The lot will help Hilltop double the size of its children’s community garden, Wright said, and provide an on-site location for summer camp, which Hilltop has been providing through Valpo Parks at Rogers-Lakewood Park on the city’s north side.
The house should be demolished and the land cleared by sometime in January.
“It will be grass by spring with a fence around it,” Wright said, adding the property will someday include a pavilion to provide free lunches during the summer, which is now offered at ValPlayso.
The property across the street from Hilltop is the third blighted property the nonprofit has acquired in recent years; the other two are the locations of the food pantry and the mission kitchen.
In January, Hilltop will bring on a social worker through a grant from the city of Valparaiso to handle substance abuse and prevention, as well as suicide prevention. As an addition to the mission kitchen, Hilltop will add a hunger hub, offering ready-to-eat meals around the clock through a cooler on the porch of the mission kitchen. The infrastructure is already in place for that to happen.
“The challenge has just organically changed,” Wright said, adding that generational poverty and even the closing of Valparaiso University’s law school several years ago, which saw student apartments vacated and turned into low-income rentals, have an ongoing impact on the community Hilltop serves.

Hilltop House has seen a 25% increase in the demand for its services this year, Wright said. However, during the SNAP crisis, when the government shutdown brought the Supplemental Nutrition Assistance Program to a halt, the agency had about a 40% increase in new clients who had never come to the pantry before.
“The majority of our clients do not have cars and walk to the pantry or take the bus,” she said. “Right now, we’re feeding about 1,800 a month. The addition of the mission kitchen has definitely helped us bring more meals, hot meals to clients, and that’s about another 100 a week.”
Hilltop, Wright said, celebrated its 30th anniversary on Oct. 25. It started with childcare for low-income families and affordable healthcare in a clinic that evolved into HealthLinc. Wright became executive director at Hilltop in 2011, after two years as the director of the United Way’s Success by 6 program.
By the time Wright was at Hilltop, the nonprofit offered childcare and a small afterschool program, as well as a small food pantry in the building’s basement. Since then, its services have grown exponentially and also include a mobile food pantry and a bookmobile, in addition to the mission kitchen and food pantry.

“We have more clients than we’ve ever had,” said Osburn, who started at the agency the year before Wright did.
State funding cuts for childcare and the possibility that people receiving health insurance from the Affordable Care Act could lose their subsidies will only increase the need.
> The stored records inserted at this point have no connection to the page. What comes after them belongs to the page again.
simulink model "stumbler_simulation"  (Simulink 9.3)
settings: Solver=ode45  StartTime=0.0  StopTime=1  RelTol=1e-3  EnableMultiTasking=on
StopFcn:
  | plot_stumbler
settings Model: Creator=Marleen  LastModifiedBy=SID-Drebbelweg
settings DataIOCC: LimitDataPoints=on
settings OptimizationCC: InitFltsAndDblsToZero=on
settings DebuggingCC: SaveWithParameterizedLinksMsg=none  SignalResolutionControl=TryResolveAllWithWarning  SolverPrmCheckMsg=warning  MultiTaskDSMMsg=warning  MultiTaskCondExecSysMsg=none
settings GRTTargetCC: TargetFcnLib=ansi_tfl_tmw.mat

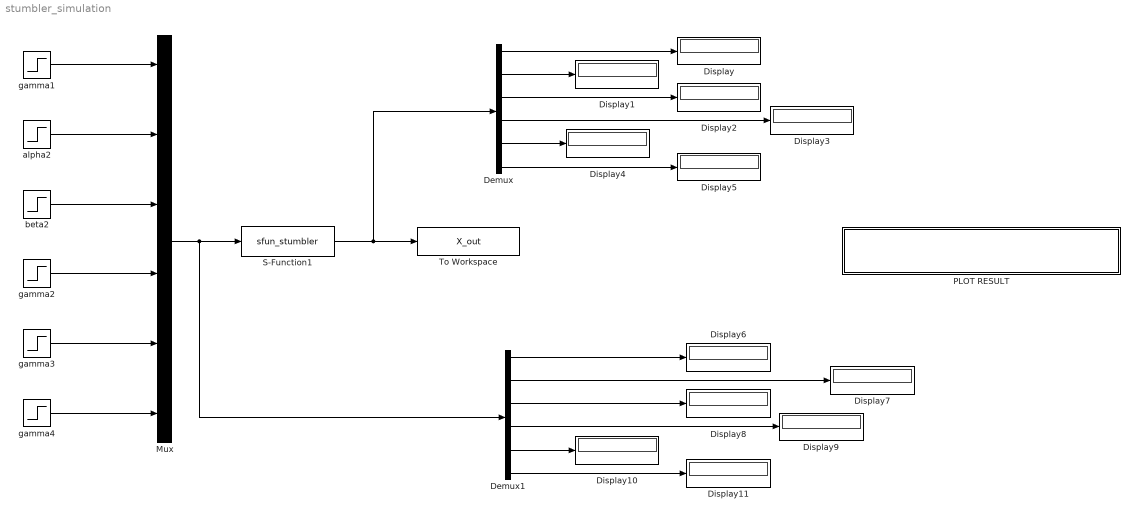
== system stumbler_simulation ==
  Demux : Demux  Outputs=6
  Demux1 : Demux  Outputs=6
  Display{,1..11} (12 alike) : Display
  Mux : Mux  Inputs=6
  PLOT RESULT : Subsystem
      settings: OpenFcn=plot_stumbler
      mask Display: disp('DoubleClick to Animate')
  S-Function1 : S-Function  FunctionName=sfun_stumbler  SFunctionDeploymentMode=off  EnableBusSupport=off
  To Workspace : ToWorkspace  VariableName=X_out  SaveFormat=Structure With Time  SampleTime=0.01
  alpha2 : Step  Time=0  After=0  SampleTime=0
  beta2 : Step  Time=0  After=0  SampleTime=0
  gamma1 : Step  Time=0  After=0  SampleTime=0
  gamma2 : Step  Time=0.7  Before=10  After=0  SampleTime=0
  gamma3 : Step  Time=0.6  After=10  SampleTime=0
  gamma4 : Step  Time=0  After=0  SampleTime=0
  wires:
  S-Function1/1 -> To Workspace/1, Demux/1
  Mux/1 -> Demux1/1, S-Function1/1
  gamma1/1 -> Mux/1
  alpha2/1 -> Mux/2
  beta2/1 -> Mux/3
  gamma2/1 -> Mux/4
  gamma3/1 -> Mux/5
  gamma4/1 -> Mux/6
  Demux/1 -> Display/1
  Demux/2 -> Display1/1
  Demux/3 -> Display2/1
  Demux/4 -> Display3/1
  Demux/5 -> Display4/1
  Demux/6 -> Display5/1
  Demux1/4 -> Display9/1
  Demux1/3 -> Display8/1
  Demux1/2 -> Display7/1
  Demux1/6 -> Display11/1
  Demux1/5 -> Display10/1
  Demux1/1 -> Display6/1

== system stumbler_simulation/PLOT RESULT ==
simulink model "Copy_of_simulator"  (R2024a)
settings: Solver=VariableStepAuto  StartTime=0.0  StopTime=50  RelTol=1e-3
values from neighbouring files (symbols this model uses):
  g = inputs(6,1)    [measFunction.m]    (also in stateFunction.m)
  k_f = 6.11e-8    (= 6.11e-08)    [Data.m]
  k_m = 1.5e-9    (= 1.5e-09)    [Data.m]
undefined symbols (not defined in the file or in its folder): A, B, C, L, m
libraries: slpidlib x7, simulink x2, shared6dof x1, sharedutil x1
(part 2 of 2)

== matlab function Copy_of_simulator/System_Dynamics/MATLAB Function ==
  data: ang input; o_R_b output
function o_R_b  = RotMatrix(ang)

phi = ang(1);
theta = ang(2);
psi = ang(3);

o_R_b = zeros(3,3);

% o_R_b = [cos(psi)*cos(theta),          ( -sin(psi)*cos(phi) -cos(psi)*sin(theta)*sin(phi) ),           ( sin(psi)*sin(phi) -cos(psi)*sin(theta)*cos(phi) );
%          sin(psi)*cos(theta),           ( cos(psi)*cos(phi) -sin(psi)*sin(theta)*sin(phi) ),          ( -cos(psi)*sin(phi) -sin(psi)*sin(theta)*cos(phi) );
%                   sin(theta),                                           cos(theta)*sin(phi),                                      cos(theta)*cos(phi)];

o_R_b = [cos(theta)*cos(psi),                                   cos(theta)*sin(psi),                                    -sin(theta);
         sin(phi)*sin(theta)*cos(psi) - cos(phi)*sin(psi),      sin(phi)*sin(theta)*sin(psi) + cos(phi)*cos(psi),       sin(phi)*cos(theta);
         cos(phi)*sin(theta)*cos(psi) + sin(phi)*sin(psi),      cos(phi)*sin(theta)*sin(psi) - sin(phi)*cos(psi),       cos(phi)*cos(theta)];
o_R_b = o_R_b';

end

“It’s just a snowball effect,” Osburn said.
The cuts to childcare funding are of particular concern, Wright said, because childcare can sometimes cost more than rent.
“This is just the tip of the iceberg,” she said. “I don’t think it’s going to change until it affects the change makers.”
Regardless, with its growing services and a new property to expand them even more, Wright is confident Hilltop House can continue to meet the community’s needs.
“We’re ready when it happens,” she said.